Data records

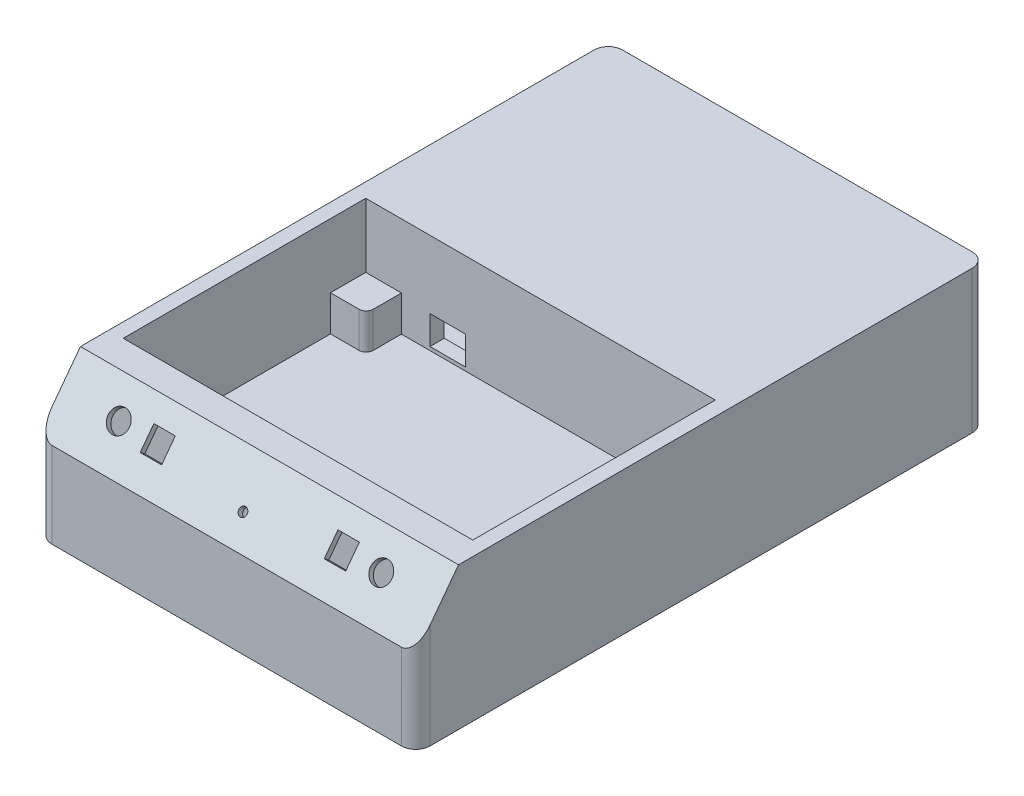
from build123d import *

# Parameters (mm, degrees)
BOSS_EXTRUDE2_DEPTH      = 100
SKETCH4_W                = 245
SKETCH4_H                = 170
CUT_EXTRUDE2_DEPTH       = 70
CUT_EXTRUDE12_DEPTH      = 434.077648927
CUT_EXTRUDE12_DEPTH_BACK = 434.077648927
CUT_EXTRUDE13_DEPTH      = 122.5
CUT_EXTRUDE14_DEPTH      = 122.5
SKETCH16_R               = 2.5
SKETCH16_R_2             = 2.25
SKETCH16_W               = 28.5
SKETCH16_H               = 48
CUT_EXTRUDE15_DEPTH      = 30
SKETCH17_R               = 2.952889484
SKETCH17_R_2             = 7.5
SKETCH17_W               = 15
SKETCH17_H               = 16
CUT_EXTRUDE16_DEPTH      = 10
BOSS_EXTRUDE3_DEPTH      = 25
SKETCH19_W               = 25
SKETCH19_H               = 20
CUT_EXTRUDE17_DEPTH      = 15
SKETCH21_W               = 195.080232819
SKETCH21_H               = 190
BOSS_EXTRUDE9_DEPTH      = 10


with BuildPart() as part:
    # Sketch1 → Boss-Extrude2 (new body)
    with BuildSketch(Plane(origin=(0, 0, 0), x_dir=(1, 0, 0), z_dir=(0, 1, 0))):
        with BuildLine():
            Line((0, -10), (0, -390))
            ThreePointArc((0, -390), (2.928932188, -397.071067812), (10, -400))
            Line((10, -400), (255, -400))
            ThreePointArc((255, -400), (262.071067812, -397.071067812), (265, -390))
            Line((265, -390), (265, -10))
            ThreePointArc((265, -10), (262.071067812, -2.928932188), (255, 0))
            Line((255, 0), (10, 0))
            ThreePointArc((10, 0), (2.928932188, -2.928932188), (0, -10))
        make_face()
    extrude(amount=BOSS_EXTRUDE2_DEPTH)

    # Sketch4 → Cut-Extrude2 (cut)
    with BuildSketch(Plane(origin=(0, 100, 0), x_dir=(1, 0, 0), z_dir=(0, 1, 0))):
        with Locations((132.5, -265)):
            Rectangle(SKETCH4_W, SKETCH4_H)
    extrude(amount=-CUT_EXTRUDE2_DEPTH, mode=Mode.SUBTRACT)

    # Sketch10 → Cut-Extrude12 (cut, two sides: drawn at the far end of the back side and taken through both)
    with BuildSketch(Plane(origin=(132.5, 0, 0), x_dir=(0, 0, -1), z_dir=(1, 0, 0)).offset(-CUT_EXTRUDE12_DEPTH_BACK)):
        Polygon((-400, 60), (-370, 100), (-400, 100), align=None)
    extrude(amount=CUT_EXTRUDE12_DEPTH + CUT_EXTRUDE12_DEPTH_BACK, mode=Mode.SUBTRACT)

    # Sketch14 → Cut-Extrude13 (cut, symmetric)
    with BuildSketch(Plane(origin=(132.5, 0, 0), x_dir=(0, 0, -1), z_dir=(1, 0, 0))):
        Polygon((-390, 10), (-360, 10), (-360, 96), (-368, 96), (-390, 66.666666667), align=None)
    extrude(amount=CUT_EXTRUDE13_DEPTH, both=True, mode=Mode.SUBTRACT)

    # Sketch15 → Cut-Extrude14 (cut, symmetric)
    with BuildSketch(Plane(origin=(132.5, 0, 0), x_dir=(0, 0, -1), z_dir=(1, 0, 0))):
        Polygon((-360, 9.784104138), (-360, 20), (-170, 20), (-170, 95), (-5, 95), (-5, 10), align=None)
    extrude(amount=CUT_EXTRUDE14_DEPTH, both=True, mode=Mode.SUBTRACT)

    # Sketch16 → Cut-Extrude15 (cut)
    with BuildSketch(Plane(origin=(0, 0, 0), x_dir=(-1, 0, 0), z_dir=(0, 0, -1))):
        with Locations((-99.351479045, 82.346777086)):
            Circle(SKETCH16_R)
        with Locations((-32.789304606, 14.265780679)):
            Circle(SKETCH16_R)
        with Locations((-33.351479045, 80.263386392)):
            Circle(SKETCH16_R)
        with Locations((-98.789304606, 16.349171373)):
            Circle(SKETCH16_R)
        with Locations((-241, 44.598834986)):
            Circle(SKETCH16_R_2)
        with Locations((-201, 44.598834986)):
            Circle(SKETCH16_R_2)
        with BuildLine():
            Line((-98.891846609, 75.787809753), (-33.891846609, 75.787809753))
            ThreePointArc((-33.891846609, 75.787809753), (-31.391846609, 73.287809753), (-33.891846609, 70.787809753))
            Line((-33.891846609, 70.787809753), (-98.891846609, 70.787809753))
            ThreePointArc((-98.891846609, 70.787809753), (-101.391846609, 73.287809753), (-98.891846609, 75.787809753))
        make_face()
        with BuildLine():
            Line((-98.710582977, 67.787809753), (-33.710582977, 67.787809753))
            ThreePointArc((-33.710582977, 67.787809753), (-31.292813717, 65.370040492), (-33.710582977, 62.952271231))
            Line((-33.710582977, 62.952271231), (-98.710582977, 62.952271231))
            ThreePointArc((-98.710582977, 62.952271231), (-101.128352238, 65.370040492), (-98.710582977, 67.787809753))
        make_face()
        with BuildLine():
            Line((-98.976192668, 59.952271231), (-33.976192668, 59.952271231))
            ThreePointArc((-33.976192668, 59.952271231), (-31.476192668, 57.452271231), (-33.976192668, 54.952271231))
            Line((-33.976192668, 54.952271231), (-98.976192668, 54.952271231))
            ThreePointArc((-98.976192668, 54.952271231), (-101.476192668, 57.452271231), (-98.976192668, 59.952271231))
        make_face()
        with BuildLine():
            Line((-98.733660424, 52.195845601), (-33.733660424, 52.195845601))
            ThreePointArc((-33.733660424, 52.195845601), (-31.233660424, 49.695845601), (-33.733660424, 47.195845601))
            Line((-33.733660424, 47.195845601), (-98.733660424, 47.195845601))
            ThreePointArc((-98.733660424, 47.195845601), (-101.233660424, 49.695845601), (-98.733660424, 52.195845601))
        make_face()
        with BuildLine():
            Line((-98.864643365, 44.598834986), (-33.864643365, 44.598834986))
            ThreePointArc((-33.864643365, 44.598834986), (-31.364643365, 42.098834986), (-33.864643365, 39.598834986))
            Line((-33.864643365, 39.598834986), (-98.864643365, 39.598834986))
            ThreePointArc((-98.864643365, 39.598834986), (-101.364643365, 42.098834986), (-98.864643365, 44.598834986))
        make_face()
        with BuildLine():
            Line((-98.864643365, 37.00182437), (-33.864643365, 37.00182437))
            ThreePointArc((-33.864643365, 37.00182437), (-31.364643365, 34.50182437), (-33.864643365, 32.00182437))
            Line((-33.864643365, 32.00182437), (-98.864643365, 32.00182437))
            ThreePointArc((-98.864643365, 32.00182437), (-101.364643365, 34.50182437), (-98.864643365, 37.00182437))
        make_face()
        with BuildLine():
            Line((-98.340711599, 28.618916104), (-33.340711599, 28.618916104))
            ThreePointArc((-33.340711599, 28.618916104), (-30.840711599, 26.118916104), (-33.340711599, 23.618916104))
            Line((-33.340711599, 23.618916104), (-98.340711599, 23.618916104))
            ThreePointArc((-98.340711599, 23.618916104), (-100.840711599, 26.118916104), (-98.340711599, 28.618916104))
        make_face()
        with Locations((-220.75, 44)):
            Rectangle(SKETCH16_W, SKETCH16_H)
    extrude(amount=-CUT_EXTRUDE15_DEPTH, mode=Mode.SUBTRACT)

    # Sketch17 → Cut-Extrude16 (cut)
    with BuildSketch(Plane(origin=(0, 213.6, 284.8), x_dir=(1, 0, 0), z_dir=(0, 0.5999999999999998, 0.8000000000000004))):
        with Locations(Location((132.5, -173, 0), (0, 0, 270))):
            Circle(SKETCH17_R)
        with Locations(Location((40.5, -164.727732251, 0), (0, 0, 270))):
            Circle(SKETCH17_R_2)
        with Locations(Location((224.5, -164.727732251, 0), (0, 0, 270))):
            Circle(SKETCH17_R_2)
        with Locations((68, -165)):
            Rectangle(SKETCH17_W, SKETCH17_H)
        with Locations((197, -165)):
            Rectangle(SKETCH17_W, SKETCH17_H)
    extrude(amount=-CUT_EXTRUDE16_DEPTH, mode=Mode.SUBTRACT)

    # Sketch18 → Boss-Extrude3 (add)
    with BuildSketch(Plane(origin=(0, 30, 0), x_dir=(1, 0, 0), z_dir=(0, 1, 0))):
        with BuildLine():
            Line((10, -180), (10, -204.729927007))
            Line((10, -204.729927007), (30, -204.729927007))
            ThreePointArc((30, -204.729927007), (33.43872324, -203.359690427), (34.99270073, -200))
            Line((34.99270073, -200), (34.99270073, -180))
            Line((34.99270073, -180), (10, -180))
        make_face()
        with BuildLine():
            Line((255, -350), (255, -324.14910859))
            Line((255, -324.14910859), (235, -324.14910859))
            ThreePointArc((235, -324.14910859), (231.175444009, -325.928429861), (230.072933549, -330))
            Line((230.072933549, -330), (230.072933549, -350))
            Line((230.072933549, -350), (255, -350))
        make_face()
    extrude(amount=BOSS_EXTRUDE3_DEPTH)

    # Sketch19 → Cut-Extrude17 (cut)
    with BuildSketch(Plane.XY.offset(180)):
        with Locations((67.49270073, 42.5)):
            Rectangle(SKETCH19_W, SKETCH19_H)
    extrude(amount=-CUT_EXTRUDE17_DEPTH, mode=Mode.SUBTRACT)


with BuildPart() as body_2:
    # Sketch21 → Boss-Extrude9 (new body)
    with BuildSketch(Plane.XZ.offset(-20)):
        with Locations((132.53281714, 265)):
            Rectangle(SKETCH21_W, SKETCH21_H)
    extrude(amount=BOSS_EXTRUDE9_DEPTH)


solid = Compound([part.part, body_2.part])

• Exercise details: Look above for the line that contains "34.50182437), (-98.864643365, 37.00182437))". Starting there, transcribe every line exactly until you have copied the line that contains "Rectangle(SKETCH16_W, SKETCH16_H)".

• Answer to this exercise:
            ThreePointArc((-98.864643365, 32.00182437), (-101.364643365, 34.50182437), (-98.864643365, 37.00182437))
        make_face()
        with BuildLine():
            Line((-98.340711599, 28.618916104), (-33.340711599, 28.618916104))
            ThreePointArc((-33.340711599, 28.618916104), (-30.840711599, 26.118916104), (-33.340711599, 23.618916104))
            Line((-33.340711599, 23.618916104), (-98.340711599, 23.618916104))
            ThreePointArc((-98.340711599, 23.618916104), (-100.840711599, 26.118916104), (-98.340711599, 28.618916104))
        make_face()
        with Locations((-220.75, 44)):
            Rectangle(SKETCH16_W, SKETCH16_H)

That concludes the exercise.